La prévalence de SEP

Il est un fait que la prévalence de SEP n’est pas la même dans tous les pays.

De manière générale, on peut dire que le risque de développer la SEP est plus élevé chez l’homme de race blanche en Europe, en Amérique du Nord et en Australie. En Afrique du Sud et au Moyen Orient, la SEP est nettement moins fréquente voire exceptionnelle. Si on considère la prévalence de la maladie dans les deux hémisphères, on constate que plus on s’éloigne de l’équateur, plus le risque de SEP est élevé et ceci est valable tant dans l’hémisphère Sud que dans l’hémisphère Nord.

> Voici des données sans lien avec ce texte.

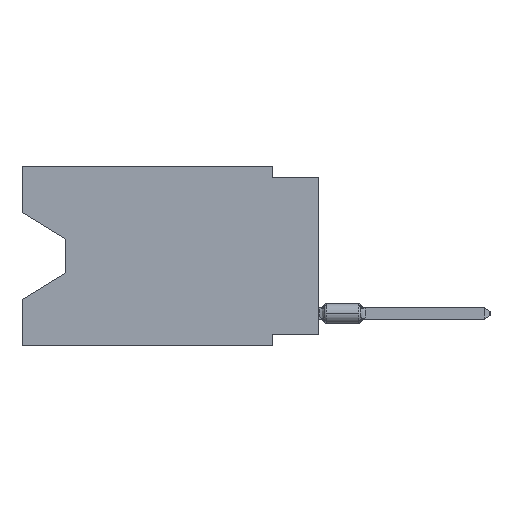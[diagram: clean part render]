
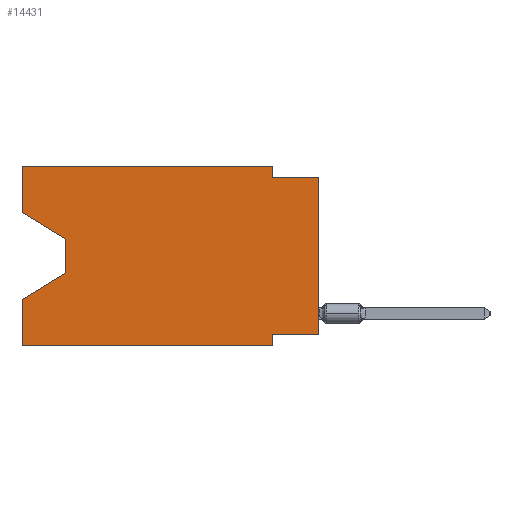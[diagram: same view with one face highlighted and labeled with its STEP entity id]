
A CAD part, left-side view. The second image highlights one B-rep face of the part: STEP entity #14431.
In plain terms, the highlighted planar face has unit normal (-1, 0, 0).
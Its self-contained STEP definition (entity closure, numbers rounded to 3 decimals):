
#37 = DIRECTION ( 'NONE',  ( 0., 0., 1. ) ) ;
#177 = VECTOR ( 'NONE', #37, 1000. ) ;
#535 = ORIENTED_EDGE ( 'NONE', *, *, #24800, .F. ) ;
#1099 = CARTESIAN_POINT ( 'NONE',  ( 0., 16.383, 0. ) ) ;
#1267 = VECTOR ( 'NONE', #32487, 1000. ) ;
#1721 = LINE ( 'NONE', #7018, #18506 ) ;
#1943 = CARTESIAN_POINT ( 'NONE',  ( 0., 2.54, -9.906 ) ) ;
#2292 = DIRECTION ( 'NONE',  ( 0., 0., -1. ) ) ;
#2414 = CARTESIAN_POINT ( 'NONE',  ( 0., 16.383, -7.36 ) ) ;
#3882 = LINE ( 'NONE', #36323, #24012 ) ;
#4048 = DIRECTION ( 'NONE',  ( 0., -1., 0. ) ) ;
#4481 = EDGE_CURVE ( 'NONE', #15956, #46431, #4813, .T. ) ;
#4700 = EDGE_LOOP ( 'NONE', ( #46769, #25330, #26955, #36618, #50394, #26423, #51464, #31106, #535, #7863, #49653, #51620 ) ) ;
#4813 = LINE ( 'NONE', #44415, #177 ) ;
#5835 = LINE ( 'NONE', #30561, #18356 ) ;
#6101 = EDGE_CURVE ( 'NONE', #10912, #41365, #6183, .T. ) ;
#6183 = LINE ( 'NONE', #38610, #1267 ) ;
#6741 = CARTESIAN_POINT ( 'NONE',  ( 0., 2.54, 0. ) ) ;
#6886 = EDGE_CURVE ( 'NONE', #47156, #49131, #13774, .T. ) ;
#7018 = CARTESIAN_POINT ( 'NONE',  ( 0., 0., -0.635 ) ) ;
#7863 = ORIENTED_EDGE ( 'NONE', *, *, #11747, .F. ) ;
#8831 = VERTEX_POINT ( 'NONE', #1943 ) ;
#9785 = CARTESIAN_POINT ( 'NONE',  ( 0., 0., -9.271 ) ) ;
#10561 = DIRECTION ( 'NONE',  ( 0., 1., 0. ) ) ;
#10912 = VERTEX_POINT ( 'NONE', #32926 ) ;
#10966 = EDGE_CURVE ( 'NONE', #15956, #43073, #37697, .T. ) ;
#11747 = EDGE_CURVE ( 'NONE', #38552, #16105, #41492, .T. ) ;
#12138 = VECTOR ( 'NONE', #4048, 1000. ) ;
#12265 = CARTESIAN_POINT ( 'NONE',  ( 0., 13.97, -5.893 ) ) ;
#13305 = DIRECTION ( 'NONE',  ( 0., 0., -1. ) ) ;
#13774 = LINE ( 'NONE', #9785, #26770 ) ;
#14431 = ADVANCED_FACE ( 'NONE', ( #37936 ), #46395, .F. ) ;
#14691 = DIRECTION ( 'NONE',  ( 0., 0., 1. ) ) ;
#15388 = VERTEX_POINT ( 'NONE', #28147 ) ;
#15956 = VERTEX_POINT ( 'NONE', #38197 ) ;
#16105 = VERTEX_POINT ( 'NONE', #18795 ) ;
#16980 = EDGE_CURVE ( 'NONE', #15388, #41365, #27693, .T. ) ;
#18356 = VECTOR ( 'NONE', #41739, 1000. ) ;
#18465 = VECTOR ( 'NONE', #14691, 1000. ) ;
#18506 = VECTOR ( 'NONE', #34681, 1000. ) ;
#18795 = CARTESIAN_POINT ( 'NONE',  ( 0., 2.54, -0.635 ) ) ;
#22916 = VECTOR ( 'NONE', #44853, 1000. ) ;
#24012 = VECTOR ( 'NONE', #28352, 1000. ) ;
#24800 = EDGE_CURVE ( 'NONE', #16105, #26545, #1721, .T. ) ;
#25295 = CARTESIAN_POINT ( 'NONE',  ( 0., 2.54, 0. ) ) ;
#25330 = ORIENTED_EDGE ( 'NONE', *, *, #26606, .T. ) ;
#25976 = CARTESIAN_POINT ( 'NONE',  ( 0., 16.383, 0. ) ) ;
#26423 = ORIENTED_EDGE ( 'NONE', *, *, #46874, .F. ) ;
#26545 = VERTEX_POINT ( 'NONE', #35945 ) ;
#26606 = EDGE_CURVE ( 'NONE', #43073, #15388, #29010, .T. ) ;
#26770 = VECTOR ( 'NONE', #10561, 1000. ) ;
#26955 = ORIENTED_EDGE ( 'NONE', *, *, #16980, .T. ) ;
#27693 = LINE ( 'NONE', #12265, #47994 ) ;
#28147 = CARTESIAN_POINT ( 'NONE',  ( 0., 13.97, -5.893 ) ) ;
#28352 = DIRECTION ( 'NONE',  ( 0., 0., -1. ) ) ;
#28935 = CARTESIAN_POINT ( 'NONE',  ( 0., 16.383, -2.546 ) ) ;
#28992 = EDGE_CURVE ( 'NONE', #46431, #38552, #5835, .T. ) ;
#29010 = LINE ( 'NONE', #48891, #50119 ) ;
#29849 = EDGE_CURVE ( 'NONE', #47156, #26545, #34899, .T. ) ;
#30561 = CARTESIAN_POINT ( 'NONE',  ( 0., 16.383, 0. ) ) ;
#31106 = ORIENTED_EDGE ( 'NONE', *, *, #29849, .T. ) ;
#32487 = DIRECTION ( 'NONE',  ( 0., 0., 1. ) ) ;
#32926 = CARTESIAN_POINT ( 'NONE',  ( 0., 16.383, -9.906 ) ) ;
#33277 = DIRECTION ( 'NONE',  ( 0., 0., -1. ) ) ;
#34098 = EDGE_CURVE ( 'NONE', #10912, #8831, #40457, .T. ) ;
#34681 = DIRECTION ( 'NONE',  ( 0., -1., 0. ) ) ;
#34899 = LINE ( 'NONE', #51058, #18465 ) ;
#35945 = CARTESIAN_POINT ( 'NONE',  ( 0., 0., -0.635 ) ) ;
#36323 = CARTESIAN_POINT ( 'NONE',  ( 0., 2.54, -9.906 ) ) ;
#36618 = ORIENTED_EDGE ( 'NONE', *, *, #6101, .F. ) ;
#36717 = DIRECTION ( 'NONE',  ( 0., 0.855, -0.519 ) ) ;
#36875 = AXIS2_PLACEMENT_3D ( 'NONE', #25976, #38960, #2292 ) ;
#37697 = LINE ( 'NONE', #28935, #22916 ) ;
#37936 = FACE_OUTER_BOUND ( 'NONE', #4700, .T. ) ;
#38197 = CARTESIAN_POINT ( 'NONE',  ( 0., 16.383, -2.546 ) ) ;
#38552 = VERTEX_POINT ( 'NONE', #6741 ) ;
#38610 = CARTESIAN_POINT ( 'NONE',  ( 0., 16.383, 0. ) ) ;
#38730 = CARTESIAN_POINT ( 'NONE',  ( 0., 13.97, -4.013 ) ) ;
#38960 = DIRECTION ( 'NONE',  ( 1., 0., 0. ) ) ;
#40457 = LINE ( 'NONE', #52384, #12138 ) ;
#41365 = VERTEX_POINT ( 'NONE', #2414 ) ;
#41492 = LINE ( 'NONE', #25295, #49034 ) ;
#41739 = DIRECTION ( 'NONE',  ( 0., -1., 0. ) ) ;
#42263 = CARTESIAN_POINT ( 'NONE',  ( 0., 2.54, -9.271 ) ) ;
#43073 = VERTEX_POINT ( 'NONE', #38730 ) ;
#44415 = CARTESIAN_POINT ( 'NONE',  ( 0., 16.383, 0. ) ) ;
#44853 = DIRECTION ( 'NONE',  ( 0., -0.855, -0.519 ) ) ;
#46395 = PLANE ( 'NONE',  #36875 ) ;
#46431 = VERTEX_POINT ( 'NONE', #1099 ) ;
#46769 = ORIENTED_EDGE ( 'NONE', *, *, #10966, .T. ) ;
#46874 = EDGE_CURVE ( 'NONE', #49131, #8831, #3882, .T. ) ;
#47156 = VERTEX_POINT ( 'NONE', #52424 ) ;
#47994 = VECTOR ( 'NONE', #36717, 1000. ) ;
#48891 = CARTESIAN_POINT ( 'NONE',  ( 0., 13.97, -4.013 ) ) ;
#49034 = VECTOR ( 'NONE', #33277, 1000. ) ;
#49131 = VERTEX_POINT ( 'NONE', #42263 ) ;
#49653 = ORIENTED_EDGE ( 'NONE', *, *, #28992, .F. ) ;
#50119 = VECTOR ( 'NONE', #13305, 1000. ) ;
#50394 = ORIENTED_EDGE ( 'NONE', *, *, #34098, .T. ) ;
#51058 = CARTESIAN_POINT ( 'NONE',  ( 0., 0., 0. ) ) ;
#51464 = ORIENTED_EDGE ( 'NONE', *, *, #6886, .F. ) ;
#51620 = ORIENTED_EDGE ( 'NONE', *, *, #4481, .F. ) ;
#52384 = CARTESIAN_POINT ( 'NONE',  ( 0., 16.383, -9.906 ) ) ;
#52424 = CARTESIAN_POINT ( 'NONE',  ( 0., 0., -9.271 ) ) ;

Ainsi, en Europe, la prévalence de SEP est la plus haute dans les pays du Nord tels que la Scandinavie et l’Ecosse (en moyenne 120 patients pour 100.000 habitants) et la moins haute dans le Sud de l’Italie (en moyenne 30 patients pour 100.000 habitants). Chiffres qu’il ne faut par ailleurs pas prendre au pied de la lettre car il se peut qu’il y ait dans le Nord plus de médecins qui diagnostiquent la SEP que dans le Sud.

Mais même si ces différences sont sans doute moins importantes qu’on ne le pensait auparavant, elles sont quand même bien présentes et les scientifiques ne les expliquent pas vraiment. Les hypothèses possibles sont les suivantes: facteurs héréditaires, habitudes alimentaires différentes, infections antérieures…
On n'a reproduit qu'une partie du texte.